Stored data entries
[Start of Attachment]

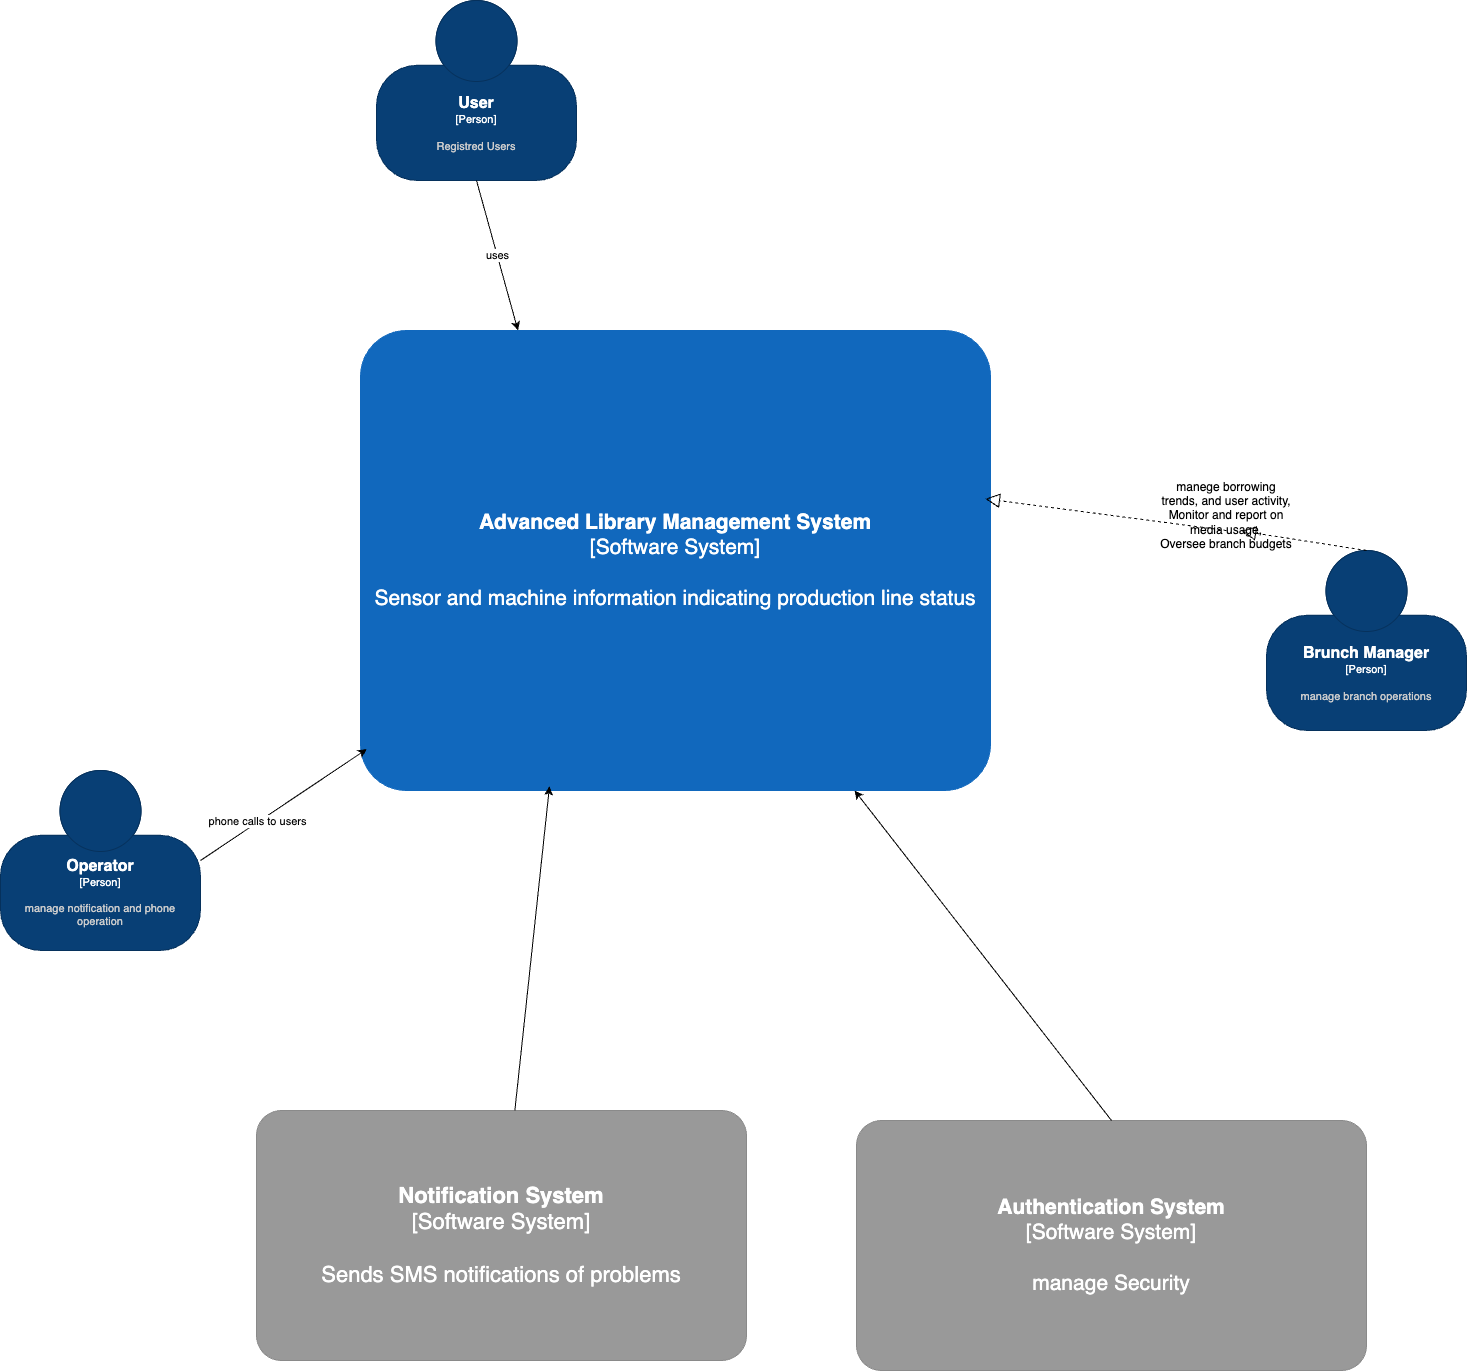

The diagram above was exported from draw.io. Its source (the exported page's mxGraphModel, read from the mxfile embedded in the PNG):
<mxGraphModel dx="2170" dy="2532" grid="1" gridSize="10" guides="1" tooltips="1" connect="1" arrows="1" fold="1" page="1" pageScale="1" pageWidth="827" pageHeight="1169" math="0" shadow="0">
  <root>
    <mxCell id="yaTLz1EeKWB0-pblKnIb-0" />
    <mxCell id="yaTLz1EeKWB0-pblKnIb-1" parent="yaTLz1EeKWB0-pblKnIb-0" />
    <object placeholders="1" c4Name="Notification System" c4Type="Software System" c4Description="Sends SMS notifications of problems" label="&lt;b style=&quot;font-size: 22px;&quot;&gt;%c4Name%&lt;/b&gt;&lt;div style=&quot;font-size: 22px;&quot;&gt;[%c4Type%]&lt;/div&gt;&lt;br style=&quot;font-size: 22px;&quot;&gt;&lt;div style=&quot;font-size: 22px;&quot;&gt;%c4Description%&lt;/div&gt;" id="yaTLz1EeKWB0-pblKnIb-2">
      <mxCell style="rounded=1;whiteSpace=wrap;html=1;labelBackgroundColor=none;fillColor=#999999;fontColor=#ffffff;align=center;arcSize=10;strokeColor=#8A8A8A;metaEdit=1;metaData={&quot;c4Type&quot;:{&quot;editable&quot;:false}};points=[[0.25,0,0],[0.5,0,0],[0.75,0,0],[1,0.25,0],[1,0.5,0],[1,0.75,0],[0.75,1,0],[0.5,1,0],[0.25,1,0],[0,0.75,0],[0,0.5,0],[0,0.25,0]];fontSize=22;" parent="yaTLz1EeKWB0-pblKnIb-1" vertex="1">
        <mxGeometry x="310" y="430" width="490" height="250" as="geometry" />
      </mxCell>
    </object>
    <object placeholders="1" c4Name="Advanced Library Management System" c4Type="Software System" c4Description="Sensor and machine information indicating production line status" label="&lt;b style=&quot;font-size: 21px;&quot;&gt;%c4Name%&lt;/b&gt;&lt;div style=&quot;font-size: 21px;&quot;&gt;[%c4Type%]&lt;/div&gt;&lt;br style=&quot;font-size: 21px;&quot;&gt;&lt;div style=&quot;font-size: 21px;&quot;&gt;%c4Description%&lt;/div&gt;" link="data:page/id,7UhaJ9ljh7ebol46HkWr" id="yaTLz1EeKWB0-pblKnIb-3">
      <mxCell style="rounded=1;whiteSpace=wrap;html=1;labelBackgroundColor=none;fillColor=#1168BD;fontColor=#ffffff;align=center;arcSize=10;strokeColor=#1168BD;metaEdit=1;metaData={&quot;c4Type&quot;:{&quot;editable&quot;:false}};points=[[0.25,0,0],[0.5,0,0],[0.75,0,0],[1,0.25,0],[1,0.5,0],[1,0.75,0],[0.75,1,0],[0.5,1,0],[0.25,1,0],[0,0.75,0],[0,0.5,0],[0,0.25,0]];fontSize=21;" parent="yaTLz1EeKWB0-pblKnIb-1" vertex="1">
        <mxGeometry x="414" y="-350" width="630" height="460" as="geometry" />
      </mxCell>
    </object>
    <mxCell id="yaTLz1EeKWB0-pblKnIb-6" style="edgeStyle=orthogonalEdgeStyle;rounded=0;orthogonalLoop=1;jettySize=auto;html=1;exitX=0.5;exitY=1;exitDx=0;exitDy=0;exitPerimeter=0;" parent="yaTLz1EeKWB0-pblKnIb-1" edge="1">
      <mxGeometry relative="1" as="geometry">
        <mxPoint x="140" y="-60" as="sourcePoint" />
        <mxPoint x="140" y="-60" as="targetPoint" />
      </mxGeometry>
    </mxCell>
    <object placeholders="1" c4Name="User" c4Type="Person" c4Description="Registred Users" label="&lt;font style=&quot;font-size: 16px&quot;&gt;&lt;b&gt;%c4Name%&lt;/b&gt;&lt;/font&gt;&lt;div&gt;[%c4Type%]&lt;/div&gt;&lt;br&gt;&lt;div&gt;&lt;font style=&quot;font-size: 11px&quot;&gt;&lt;font color=&quot;#cccccc&quot;&gt;%c4Description%&lt;/font&gt;&lt;/div&gt;" id="yaTLz1EeKWB0-pblKnIb-8">
      <mxCell style="html=1;fontSize=11;dashed=0;whiteSpace=wrap;fillColor=#083F75;strokeColor=#06315C;fontColor=#ffffff;shape=mxgraph.c4.person2;align=center;metaEdit=1;points=[[0.5,0,0],[1,0.5,0],[1,0.75,0],[0.75,1,0],[0.5,1,0],[0.25,1,0],[0,0.75,0],[0,0.5,0]];resizable=0;" parent="yaTLz1EeKWB0-pblKnIb-1" vertex="1">
        <mxGeometry x="430" y="-680" width="200" height="180" as="geometry" />
      </mxCell>
    </object>
    <object placeholders="1" c4Name="Brunch Manager" c4Type="Person" c4Description="manage branch operations" label="&lt;font style=&quot;font-size: 16px&quot;&gt;&lt;b&gt;%c4Name%&lt;/b&gt;&lt;/font&gt;&lt;div&gt;[%c4Type%]&lt;/div&gt;&lt;br&gt;&lt;div&gt;&lt;font style=&quot;font-size: 11px&quot;&gt;&lt;font color=&quot;#cccccc&quot;&gt;%c4Description%&lt;/font&gt;&lt;/div&gt;" id="yaTLz1EeKWB0-pblKnIb-11">
      <mxCell style="html=1;fontSize=11;dashed=0;whiteSpace=wrap;fillColor=#083F75;strokeColor=#06315C;fontColor=#ffffff;shape=mxgraph.c4.person2;align=center;metaEdit=1;points=[[0.5,0,0],[1,0.5,0],[1,0.75,0],[0.75,1,0],[0.5,1,0],[0.25,1,0],[0,0.75,0],[0,0.5,0]];resizable=0;" parent="yaTLz1EeKWB0-pblKnIb-1" vertex="1">
        <mxGeometry x="1320" y="-130" width="200" height="180" as="geometry" />
      </mxCell>
    </object>
    <object placeholders="1" c4Name="Operator" c4Type="Person" c4Description="manage notification and phone operation" label="&lt;font style=&quot;font-size: 16px&quot;&gt;&lt;b&gt;%c4Name%&lt;/b&gt;&lt;/font&gt;&lt;div&gt;[%c4Type%]&lt;/div&gt;&lt;br&gt;&lt;div&gt;&lt;font style=&quot;font-size: 11px&quot;&gt;&lt;font color=&quot;#cccccc&quot;&gt;%c4Description%&lt;/font&gt;&lt;/div&gt;" id="yaTLz1EeKWB0-pblKnIb-13">
      <mxCell style="html=1;fontSize=11;dashed=0;whiteSpace=wrap;fillColor=#083F75;strokeColor=#06315C;fontColor=#ffffff;shape=mxgraph.c4.person2;align=center;metaEdit=1;points=[[0.5,0,0],[1,0.5,0],[1,0.75,0],[0.75,1,0],[0.5,1,0],[0.25,1,0],[0,0.75,0],[0,0.5,0]];resizable=0;" parent="yaTLz1EeKWB0-pblKnIb-1" vertex="1">
        <mxGeometry x="54" y="90" width="200" height="180" as="geometry" />
      </mxCell>
    </object>
    <mxCell id="yaTLz1EeKWB0-pblKnIb-15" value="uses" style="endArrow=classic;html=1;rounded=0;entryX=0.25;entryY=0;entryDx=0;entryDy=0;entryPerimeter=0;exitX=0.5;exitY=1;exitDx=0;exitDy=0;exitPerimeter=0;" parent="yaTLz1EeKWB0-pblKnIb-1" source="yaTLz1EeKWB0-pblKnIb-8" target="yaTLz1EeKWB0-pblKnIb-3" edge="1">
      <mxGeometry width="50" height="50" relative="1" as="geometry">
        <mxPoint x="580" y="-500" as="sourcePoint" />
        <mxPoint x="630" y="-550" as="targetPoint" />
      </mxGeometry>
    </mxCell>
    <mxCell id="yaTLz1EeKWB0-pblKnIb-22" value="" style="endArrow=block;dashed=1;endFill=0;endSize=12;html=1;rounded=0;entryX=0.992;entryY=0.366;entryDx=0;entryDy=0;entryPerimeter=0;" parent="yaTLz1EeKWB0-pblKnIb-1" target="yaTLz1EeKWB0-pblKnIb-3" edge="1">
      <mxGeometry width="160" relative="1" as="geometry">
        <mxPoint x="1280" y="-150" as="sourcePoint" />
        <mxPoint x="1351.6" y="-397.1199999999999" as="targetPoint" />
      </mxGeometry>
    </mxCell>
    <mxCell id="yaTLz1EeKWB0-pblKnIb-23" value="" style="endArrow=classic;html=1;rounded=0;entryX=0.3;entryY=0.991;entryDx=0;entryDy=0;entryPerimeter=0;" parent="yaTLz1EeKWB0-pblKnIb-1" source="yaTLz1EeKWB0-pblKnIb-2" target="yaTLz1EeKWB0-pblKnIb-3" edge="1">
      <mxGeometry width="50" height="50" relative="1" as="geometry">
        <mxPoint x="530" y="360" as="sourcePoint" />
        <mxPoint x="580" y="310" as="targetPoint" />
      </mxGeometry>
    </mxCell>
    <mxCell id="yaTLz1EeKWB0-pblKnIb-24" value="" style="endArrow=classic;html=1;rounded=0;entryX=0.01;entryY=0.91;entryDx=0;entryDy=0;entryPerimeter=0;" parent="yaTLz1EeKWB0-pblKnIb-1" target="yaTLz1EeKWB0-pblKnIb-3" edge="1">
      <mxGeometry width="50" height="50" relative="1" as="geometry">
        <mxPoint x="254" y="180" as="sourcePoint" />
        <mxPoint x="304" y="130" as="targetPoint" />
      </mxGeometry>
    </mxCell>
    <mxCell id="yaTLz1EeKWB0-pblKnIb-25" value="phone calls to users" style="edgeLabel;html=1;align=center;verticalAlign=middle;resizable=0;points=[];" parent="yaTLz1EeKWB0-pblKnIb-24" connectable="0" vertex="1">
      <mxGeometry x="-0.2948" y="-3" relative="1" as="geometry">
        <mxPoint x="-4" y="-4" as="offset" />
      </mxGeometry>
    </mxCell>
    <object placeholders="1" c4Name="Authentication System" c4Type="Software System" c4Description="manage Security" label="&lt;b style=&quot;font-size: 21px;&quot;&gt;%c4Name%&lt;/b&gt;&lt;div style=&quot;font-size: 21px;&quot;&gt;[%c4Type%]&lt;/div&gt;&lt;br style=&quot;font-size: 21px;&quot;&gt;&lt;div style=&quot;font-size: 21px;&quot;&gt;%c4Description%&lt;/div&gt;" id="yaTLz1EeKWB0-pblKnIb-28">
      <mxCell style="rounded=1;whiteSpace=wrap;html=1;labelBackgroundColor=none;fillColor=#999999;fontColor=#ffffff;align=center;arcSize=10;strokeColor=#8A8A8A;metaEdit=1;metaData={&quot;c4Type&quot;:{&quot;editable&quot;:false}};points=[[0.25,0,0],[0.5,0,0],[0.75,0,0],[1,0.25,0],[1,0.5,0],[1,0.75,0],[0.75,1,0],[0.5,1,0],[0.25,1,0],[0,0.75,0],[0,0.5,0],[0,0.25,0]];fontSize=21;" parent="yaTLz1EeKWB0-pblKnIb-1" vertex="1">
        <mxGeometry x="910" y="440" width="510" height="250" as="geometry" />
      </mxCell>
    </object>
    <mxCell id="yaTLz1EeKWB0-pblKnIb-29" value="" style="endArrow=classic;html=1;rounded=0;exitX=0.5;exitY=0;exitDx=0;exitDy=0;exitPerimeter=0;" parent="yaTLz1EeKWB0-pblKnIb-1" source="yaTLz1EeKWB0-pblKnIb-28" target="yaTLz1EeKWB0-pblKnIb-3" edge="1">
      <mxGeometry width="50" height="50" relative="1" as="geometry">
        <mxPoint x="1580" y="440" as="sourcePoint" />
        <mxPoint x="1630" y="390" as="targetPoint" />
      </mxGeometry>
    </mxCell>
    <mxCell id="yaTLz1EeKWB0-pblKnIb-34" value="" style="endArrow=block;dashed=1;endFill=0;endSize=12;html=1;rounded=0;entryX=0.608;entryY=1.016;entryDx=0;entryDy=0;entryPerimeter=0;exitX=0.5;exitY=0;exitDx=0;exitDy=0;exitPerimeter=0;" parent="yaTLz1EeKWB0-pblKnIb-1" source="yaTLz1EeKWB0-pblKnIb-11" target="yaTLz1EeKWB0-pblKnIb-35" edge="1">
      <mxGeometry width="160" relative="1" as="geometry">
        <mxPoint x="1460" y="-180" as="sourcePoint" />
        <mxPoint x="1352" y="-397" as="targetPoint" />
      </mxGeometry>
    </mxCell>
    <mxCell id="yaTLz1EeKWB0-pblKnIb-35" value="&lt;br&gt;manege borrowing trends, and user activity, Monitor and report on media usage,&lt;br&gt;Oversee branch budgets&lt;br&gt;&lt;div&gt;&lt;br/&gt;&lt;/div&gt;" style="text;html=1;align=center;verticalAlign=middle;whiteSpace=wrap;rounded=0;" parent="yaTLz1EeKWB0-pblKnIb-1" vertex="1">
      <mxGeometry x="1210" y="-180" width="140" height="30.04" as="geometry" />
    </mxCell>
  </root>
</mxGraphModel>

[End of Attachment]

**DIRECTIONS**
Check each line above for the string "endFill", then copy the ones that have it.

**ANSWER FOR THIS EXERCISE**
    <mxCell id="yaTLz1EeKWB0-pblKnIb-22" value="" style="endArrow=block;dashed=1;endFill=0;endSize=12;html=1;rounded=0;entryX=0.992;entryY=0.366;entryDx=0;entryDy=0;entryPerimeter=0;" parent="yaTLz1EeKWB0-pblKnIb-1" target="yaTLz1EeKWB0-pblKnIb-3" edge="1">
    <mxCell id="yaTLz1EeKWB0-pblKnIb-34" value="" style="endArrow=block;dashed=1;endFill=0;endSize=12;html=1;rounded=0;entryX=0.608;entryY=1.016;entryDx=0;entryDy=0;entryPerimeter=0;exitX=0.5;exitY=0;exitDx=0;exitDy=0;exitPerimeter=0;" parent="yaTLz1EeKWB0-pblKnIb-1" source="yaTLz1EeKWB0-pblKnIb-11" target="yaTLz1EeKWB0-pblKnIb-35" edge="1">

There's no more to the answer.